Elizondo, der das Superior Aerospace Risk Identification Program (AATIP) leitete, rechnet jedoch nicht mit der ungeschminkten Realität. Und wenn der Bericht so verwässert zu sein scheint, wie er es für wahrscheinlich hält, plant er, die Probleme mit einer Kandidatur für den Kongress in seine persönlichen Arme zu nehmen.
“If the Pentagon’s Public Affairs officers, and those that give them orders, proceed to obfuscate and mislead the American individuals concerning the actuality of UAP [Unidentified Aerial Phenomena, a k a UFOs] and what our authorities is aware of about them, I’ll don’t have any alternative however to place my boots again on and run for Congress,” Elizondo tells The Put up. “If that’s what it takes to get the reality out, that’s what I’ll do.”
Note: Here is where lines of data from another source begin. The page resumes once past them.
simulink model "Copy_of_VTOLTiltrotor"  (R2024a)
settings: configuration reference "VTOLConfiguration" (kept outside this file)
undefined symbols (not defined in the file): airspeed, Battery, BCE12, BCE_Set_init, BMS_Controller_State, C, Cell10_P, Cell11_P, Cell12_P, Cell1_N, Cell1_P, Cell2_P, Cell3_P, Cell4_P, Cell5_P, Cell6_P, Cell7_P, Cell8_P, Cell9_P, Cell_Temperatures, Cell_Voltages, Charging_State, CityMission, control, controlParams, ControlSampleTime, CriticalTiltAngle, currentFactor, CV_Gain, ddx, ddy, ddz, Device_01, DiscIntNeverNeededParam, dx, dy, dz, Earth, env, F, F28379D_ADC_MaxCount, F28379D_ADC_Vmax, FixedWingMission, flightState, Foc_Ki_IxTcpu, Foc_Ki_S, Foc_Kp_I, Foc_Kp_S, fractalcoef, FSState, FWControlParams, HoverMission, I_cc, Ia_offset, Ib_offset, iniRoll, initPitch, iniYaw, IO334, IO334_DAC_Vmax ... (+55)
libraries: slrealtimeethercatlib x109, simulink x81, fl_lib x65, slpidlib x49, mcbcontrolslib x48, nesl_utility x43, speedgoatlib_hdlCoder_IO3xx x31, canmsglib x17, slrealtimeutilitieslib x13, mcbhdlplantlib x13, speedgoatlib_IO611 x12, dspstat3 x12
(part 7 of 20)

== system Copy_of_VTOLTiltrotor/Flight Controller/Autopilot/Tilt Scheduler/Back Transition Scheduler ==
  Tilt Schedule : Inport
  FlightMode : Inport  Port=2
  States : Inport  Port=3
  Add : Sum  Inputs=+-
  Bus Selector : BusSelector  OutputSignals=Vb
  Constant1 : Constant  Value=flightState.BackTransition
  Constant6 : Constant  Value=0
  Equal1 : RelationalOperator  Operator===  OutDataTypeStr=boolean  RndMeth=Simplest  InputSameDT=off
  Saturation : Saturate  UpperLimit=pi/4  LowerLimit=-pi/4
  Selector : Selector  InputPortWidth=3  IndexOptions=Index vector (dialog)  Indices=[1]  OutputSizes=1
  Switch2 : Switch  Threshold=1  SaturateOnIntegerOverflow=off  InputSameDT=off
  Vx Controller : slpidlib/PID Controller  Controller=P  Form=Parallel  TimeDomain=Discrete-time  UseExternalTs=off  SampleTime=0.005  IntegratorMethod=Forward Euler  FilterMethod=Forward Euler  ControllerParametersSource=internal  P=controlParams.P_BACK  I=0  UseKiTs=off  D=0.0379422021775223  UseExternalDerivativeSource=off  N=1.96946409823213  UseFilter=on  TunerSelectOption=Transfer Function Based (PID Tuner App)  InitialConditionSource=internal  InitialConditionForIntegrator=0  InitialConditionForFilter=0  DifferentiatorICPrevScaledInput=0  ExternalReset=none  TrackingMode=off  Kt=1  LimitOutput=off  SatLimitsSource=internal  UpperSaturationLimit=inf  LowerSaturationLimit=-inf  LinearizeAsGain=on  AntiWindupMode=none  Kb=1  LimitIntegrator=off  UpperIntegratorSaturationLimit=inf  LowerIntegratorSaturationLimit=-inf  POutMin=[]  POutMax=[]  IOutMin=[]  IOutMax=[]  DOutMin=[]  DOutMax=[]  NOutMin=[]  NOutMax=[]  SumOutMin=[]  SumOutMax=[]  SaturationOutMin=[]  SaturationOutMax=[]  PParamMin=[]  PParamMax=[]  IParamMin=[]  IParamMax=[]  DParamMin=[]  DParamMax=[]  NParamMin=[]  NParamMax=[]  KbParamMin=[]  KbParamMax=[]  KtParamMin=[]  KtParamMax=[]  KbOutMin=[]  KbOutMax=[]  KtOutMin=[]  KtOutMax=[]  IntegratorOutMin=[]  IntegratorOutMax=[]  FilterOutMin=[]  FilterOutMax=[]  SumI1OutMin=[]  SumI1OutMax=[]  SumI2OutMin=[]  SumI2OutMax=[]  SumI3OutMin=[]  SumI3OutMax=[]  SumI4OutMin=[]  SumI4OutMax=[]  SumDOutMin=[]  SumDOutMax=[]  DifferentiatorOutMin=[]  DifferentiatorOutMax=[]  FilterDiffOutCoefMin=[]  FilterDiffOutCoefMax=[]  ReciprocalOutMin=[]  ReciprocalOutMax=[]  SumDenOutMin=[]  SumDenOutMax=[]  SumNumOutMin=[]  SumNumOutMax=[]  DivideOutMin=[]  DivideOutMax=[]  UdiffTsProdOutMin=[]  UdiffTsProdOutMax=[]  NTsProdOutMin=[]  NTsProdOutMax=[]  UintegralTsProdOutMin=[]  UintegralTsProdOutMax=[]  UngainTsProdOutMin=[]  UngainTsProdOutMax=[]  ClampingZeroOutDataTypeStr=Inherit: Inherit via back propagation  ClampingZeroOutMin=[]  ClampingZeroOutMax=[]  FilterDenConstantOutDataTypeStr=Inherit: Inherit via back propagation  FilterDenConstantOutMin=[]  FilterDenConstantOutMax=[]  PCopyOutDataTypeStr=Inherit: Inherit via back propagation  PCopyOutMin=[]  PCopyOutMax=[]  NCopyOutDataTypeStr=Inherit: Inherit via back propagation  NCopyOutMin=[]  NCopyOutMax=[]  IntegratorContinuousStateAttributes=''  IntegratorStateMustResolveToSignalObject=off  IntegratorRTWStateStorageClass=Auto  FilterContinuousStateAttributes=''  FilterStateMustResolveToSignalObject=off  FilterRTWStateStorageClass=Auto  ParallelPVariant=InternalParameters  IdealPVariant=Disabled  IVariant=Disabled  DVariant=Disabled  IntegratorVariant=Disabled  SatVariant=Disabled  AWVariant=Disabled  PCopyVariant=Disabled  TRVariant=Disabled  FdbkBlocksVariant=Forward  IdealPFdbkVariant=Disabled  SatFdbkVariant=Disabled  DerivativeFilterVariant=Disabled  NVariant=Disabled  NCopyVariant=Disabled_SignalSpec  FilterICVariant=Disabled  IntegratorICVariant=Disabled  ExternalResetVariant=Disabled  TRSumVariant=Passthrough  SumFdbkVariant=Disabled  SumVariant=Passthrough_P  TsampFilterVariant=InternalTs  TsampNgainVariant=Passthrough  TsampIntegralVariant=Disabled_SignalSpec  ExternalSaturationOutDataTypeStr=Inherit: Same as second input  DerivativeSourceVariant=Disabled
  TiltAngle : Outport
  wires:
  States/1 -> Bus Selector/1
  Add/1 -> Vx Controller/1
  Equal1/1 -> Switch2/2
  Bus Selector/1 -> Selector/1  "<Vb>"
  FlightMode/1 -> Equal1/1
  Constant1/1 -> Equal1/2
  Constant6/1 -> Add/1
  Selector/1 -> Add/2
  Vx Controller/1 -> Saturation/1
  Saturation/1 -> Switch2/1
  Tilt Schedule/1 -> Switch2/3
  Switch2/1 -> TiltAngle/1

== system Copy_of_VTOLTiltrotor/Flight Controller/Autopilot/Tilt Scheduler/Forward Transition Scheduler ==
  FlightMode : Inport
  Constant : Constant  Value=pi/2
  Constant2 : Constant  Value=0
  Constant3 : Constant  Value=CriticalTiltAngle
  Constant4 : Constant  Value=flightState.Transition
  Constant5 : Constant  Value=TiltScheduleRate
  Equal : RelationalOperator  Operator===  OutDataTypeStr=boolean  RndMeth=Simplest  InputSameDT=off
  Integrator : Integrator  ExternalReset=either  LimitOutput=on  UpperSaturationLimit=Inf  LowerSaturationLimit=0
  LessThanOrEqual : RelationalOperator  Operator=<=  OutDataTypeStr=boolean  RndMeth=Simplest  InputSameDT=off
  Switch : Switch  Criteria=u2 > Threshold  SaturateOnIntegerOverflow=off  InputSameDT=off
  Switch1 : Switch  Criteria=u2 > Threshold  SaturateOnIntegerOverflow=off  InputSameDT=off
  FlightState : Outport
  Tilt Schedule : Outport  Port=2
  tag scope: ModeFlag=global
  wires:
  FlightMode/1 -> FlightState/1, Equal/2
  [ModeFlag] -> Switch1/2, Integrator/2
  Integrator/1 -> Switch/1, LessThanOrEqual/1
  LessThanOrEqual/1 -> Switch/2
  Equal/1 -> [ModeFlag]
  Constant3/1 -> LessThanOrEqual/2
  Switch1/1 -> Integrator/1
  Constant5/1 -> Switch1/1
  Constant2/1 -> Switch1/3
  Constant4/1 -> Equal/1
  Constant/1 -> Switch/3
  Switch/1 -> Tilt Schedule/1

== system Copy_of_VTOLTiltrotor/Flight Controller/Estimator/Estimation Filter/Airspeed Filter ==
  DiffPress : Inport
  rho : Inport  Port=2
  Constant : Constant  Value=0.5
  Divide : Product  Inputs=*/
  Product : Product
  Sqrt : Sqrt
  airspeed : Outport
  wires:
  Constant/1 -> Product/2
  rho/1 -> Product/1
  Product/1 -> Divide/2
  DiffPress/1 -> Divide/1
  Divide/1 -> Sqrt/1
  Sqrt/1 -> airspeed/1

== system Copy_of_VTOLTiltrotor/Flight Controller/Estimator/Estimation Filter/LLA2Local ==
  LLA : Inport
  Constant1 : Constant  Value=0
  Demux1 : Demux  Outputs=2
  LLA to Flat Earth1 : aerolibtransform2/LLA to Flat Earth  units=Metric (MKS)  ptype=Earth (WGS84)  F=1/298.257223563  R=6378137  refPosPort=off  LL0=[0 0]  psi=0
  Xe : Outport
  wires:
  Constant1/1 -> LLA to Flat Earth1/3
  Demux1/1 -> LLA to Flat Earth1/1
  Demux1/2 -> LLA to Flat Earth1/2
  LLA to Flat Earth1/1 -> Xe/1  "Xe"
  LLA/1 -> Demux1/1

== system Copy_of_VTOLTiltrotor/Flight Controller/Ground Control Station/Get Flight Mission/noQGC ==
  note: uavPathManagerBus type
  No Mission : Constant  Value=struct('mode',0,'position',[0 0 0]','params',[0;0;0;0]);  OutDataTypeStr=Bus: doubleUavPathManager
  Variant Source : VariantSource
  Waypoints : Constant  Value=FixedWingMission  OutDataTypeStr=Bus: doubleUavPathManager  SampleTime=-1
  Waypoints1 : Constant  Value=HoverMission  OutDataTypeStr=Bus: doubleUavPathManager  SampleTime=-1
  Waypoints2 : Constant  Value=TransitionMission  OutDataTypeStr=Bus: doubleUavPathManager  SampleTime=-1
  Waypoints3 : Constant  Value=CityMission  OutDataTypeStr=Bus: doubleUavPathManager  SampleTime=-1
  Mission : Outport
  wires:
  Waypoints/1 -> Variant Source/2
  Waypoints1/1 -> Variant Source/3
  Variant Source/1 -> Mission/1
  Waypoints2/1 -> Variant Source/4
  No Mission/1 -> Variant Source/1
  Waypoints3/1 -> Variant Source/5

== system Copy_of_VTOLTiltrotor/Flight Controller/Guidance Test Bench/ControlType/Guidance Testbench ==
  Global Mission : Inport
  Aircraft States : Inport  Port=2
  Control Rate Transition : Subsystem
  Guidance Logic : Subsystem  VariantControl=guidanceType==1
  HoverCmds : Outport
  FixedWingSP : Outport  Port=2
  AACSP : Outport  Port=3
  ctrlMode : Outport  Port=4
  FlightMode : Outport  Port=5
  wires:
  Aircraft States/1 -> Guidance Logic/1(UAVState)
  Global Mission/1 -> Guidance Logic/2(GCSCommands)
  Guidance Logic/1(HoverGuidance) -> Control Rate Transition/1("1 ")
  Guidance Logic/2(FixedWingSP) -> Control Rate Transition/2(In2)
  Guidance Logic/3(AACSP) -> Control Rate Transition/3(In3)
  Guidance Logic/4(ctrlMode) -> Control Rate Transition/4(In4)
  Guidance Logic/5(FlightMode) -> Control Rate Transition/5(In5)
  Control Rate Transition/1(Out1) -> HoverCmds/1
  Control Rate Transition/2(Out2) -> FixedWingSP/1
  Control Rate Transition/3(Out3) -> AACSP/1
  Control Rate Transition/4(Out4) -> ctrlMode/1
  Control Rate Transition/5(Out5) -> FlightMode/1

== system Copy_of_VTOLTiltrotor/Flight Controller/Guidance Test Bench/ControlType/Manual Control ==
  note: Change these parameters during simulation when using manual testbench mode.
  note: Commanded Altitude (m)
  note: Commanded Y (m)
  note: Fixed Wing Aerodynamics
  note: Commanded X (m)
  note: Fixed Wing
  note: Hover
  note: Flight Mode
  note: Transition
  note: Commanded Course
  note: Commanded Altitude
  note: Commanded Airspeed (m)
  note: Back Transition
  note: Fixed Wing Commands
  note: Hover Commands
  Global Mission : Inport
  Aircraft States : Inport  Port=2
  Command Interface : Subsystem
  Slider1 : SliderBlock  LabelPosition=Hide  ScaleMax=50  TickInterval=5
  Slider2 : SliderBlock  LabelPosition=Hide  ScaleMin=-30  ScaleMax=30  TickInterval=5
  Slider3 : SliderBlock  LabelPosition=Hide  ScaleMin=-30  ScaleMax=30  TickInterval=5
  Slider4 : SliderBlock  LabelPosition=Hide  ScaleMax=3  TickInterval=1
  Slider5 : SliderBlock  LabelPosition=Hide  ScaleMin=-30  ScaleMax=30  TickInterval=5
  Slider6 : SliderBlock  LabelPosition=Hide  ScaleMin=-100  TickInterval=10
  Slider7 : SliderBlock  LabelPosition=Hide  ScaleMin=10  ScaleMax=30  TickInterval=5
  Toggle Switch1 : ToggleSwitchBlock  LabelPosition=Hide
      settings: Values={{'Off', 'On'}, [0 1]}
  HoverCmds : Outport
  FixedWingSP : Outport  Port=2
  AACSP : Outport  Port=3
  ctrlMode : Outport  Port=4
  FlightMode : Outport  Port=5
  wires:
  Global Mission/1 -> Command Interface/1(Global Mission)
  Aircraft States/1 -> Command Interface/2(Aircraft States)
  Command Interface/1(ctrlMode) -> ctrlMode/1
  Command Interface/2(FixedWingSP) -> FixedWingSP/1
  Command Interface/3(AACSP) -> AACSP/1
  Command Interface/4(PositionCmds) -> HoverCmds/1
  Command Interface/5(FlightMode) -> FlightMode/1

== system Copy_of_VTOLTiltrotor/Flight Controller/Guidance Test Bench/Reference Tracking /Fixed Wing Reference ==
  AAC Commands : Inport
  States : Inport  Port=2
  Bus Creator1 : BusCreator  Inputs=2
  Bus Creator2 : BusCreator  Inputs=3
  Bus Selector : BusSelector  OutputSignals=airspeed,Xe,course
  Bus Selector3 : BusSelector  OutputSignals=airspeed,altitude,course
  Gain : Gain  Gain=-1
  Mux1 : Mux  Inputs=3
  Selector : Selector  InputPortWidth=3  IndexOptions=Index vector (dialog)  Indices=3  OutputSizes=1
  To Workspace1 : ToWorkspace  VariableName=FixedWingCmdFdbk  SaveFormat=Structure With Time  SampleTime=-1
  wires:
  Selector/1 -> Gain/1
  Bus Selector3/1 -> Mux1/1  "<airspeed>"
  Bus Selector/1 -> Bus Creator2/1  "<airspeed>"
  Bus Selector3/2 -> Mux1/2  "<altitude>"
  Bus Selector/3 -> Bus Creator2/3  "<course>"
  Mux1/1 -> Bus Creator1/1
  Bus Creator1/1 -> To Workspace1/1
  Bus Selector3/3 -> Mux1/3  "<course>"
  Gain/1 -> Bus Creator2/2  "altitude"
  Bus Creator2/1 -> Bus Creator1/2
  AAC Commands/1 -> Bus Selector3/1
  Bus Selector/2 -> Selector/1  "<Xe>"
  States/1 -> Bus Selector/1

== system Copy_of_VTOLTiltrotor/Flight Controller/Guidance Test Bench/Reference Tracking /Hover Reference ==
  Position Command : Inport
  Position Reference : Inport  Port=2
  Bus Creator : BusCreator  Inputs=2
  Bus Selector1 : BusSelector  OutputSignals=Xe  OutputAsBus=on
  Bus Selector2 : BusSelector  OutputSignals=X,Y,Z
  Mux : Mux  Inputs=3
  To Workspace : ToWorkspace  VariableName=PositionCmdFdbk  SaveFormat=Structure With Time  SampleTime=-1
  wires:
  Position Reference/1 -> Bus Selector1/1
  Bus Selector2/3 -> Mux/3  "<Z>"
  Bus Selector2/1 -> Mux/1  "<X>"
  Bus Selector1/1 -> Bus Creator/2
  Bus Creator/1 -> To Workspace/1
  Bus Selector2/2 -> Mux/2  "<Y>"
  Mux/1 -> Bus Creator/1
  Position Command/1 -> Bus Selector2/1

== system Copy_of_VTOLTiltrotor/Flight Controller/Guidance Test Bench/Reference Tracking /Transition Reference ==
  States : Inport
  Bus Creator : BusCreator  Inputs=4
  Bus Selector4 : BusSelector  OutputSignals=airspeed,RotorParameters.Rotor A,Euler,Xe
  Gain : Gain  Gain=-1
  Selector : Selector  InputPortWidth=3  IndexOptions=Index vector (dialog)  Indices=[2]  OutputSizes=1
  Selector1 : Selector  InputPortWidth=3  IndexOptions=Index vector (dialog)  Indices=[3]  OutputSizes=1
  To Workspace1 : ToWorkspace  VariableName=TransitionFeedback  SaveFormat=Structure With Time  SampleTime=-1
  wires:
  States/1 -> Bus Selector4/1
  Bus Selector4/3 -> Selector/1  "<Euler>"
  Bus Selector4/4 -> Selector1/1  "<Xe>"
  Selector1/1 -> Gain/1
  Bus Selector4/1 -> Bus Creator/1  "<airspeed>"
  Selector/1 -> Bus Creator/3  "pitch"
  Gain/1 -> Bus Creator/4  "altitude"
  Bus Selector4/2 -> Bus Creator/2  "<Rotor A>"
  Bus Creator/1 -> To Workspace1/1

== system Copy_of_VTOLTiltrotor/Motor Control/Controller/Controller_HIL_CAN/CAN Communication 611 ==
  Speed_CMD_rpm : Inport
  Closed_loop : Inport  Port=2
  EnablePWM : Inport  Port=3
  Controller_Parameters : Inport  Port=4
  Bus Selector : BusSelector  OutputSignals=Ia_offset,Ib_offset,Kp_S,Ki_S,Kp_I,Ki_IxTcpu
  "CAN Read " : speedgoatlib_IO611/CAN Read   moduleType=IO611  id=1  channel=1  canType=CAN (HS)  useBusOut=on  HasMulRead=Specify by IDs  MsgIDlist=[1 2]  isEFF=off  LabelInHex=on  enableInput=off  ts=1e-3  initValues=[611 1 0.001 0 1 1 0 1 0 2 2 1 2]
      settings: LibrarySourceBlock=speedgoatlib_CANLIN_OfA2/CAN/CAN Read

“If I get a seat [in Congress], I’ll be certain that [there is] complete transparency on all the pieces, not simply UAPs, however all the opposite crap that I do know that goes on behind these closed doorways,” he mentioned this week in an interview with John Greenewald on the Black Vault. “I can guarantee you that there are parts within the Pentagon proper now that don’t want a cat like me sitting in Congress.”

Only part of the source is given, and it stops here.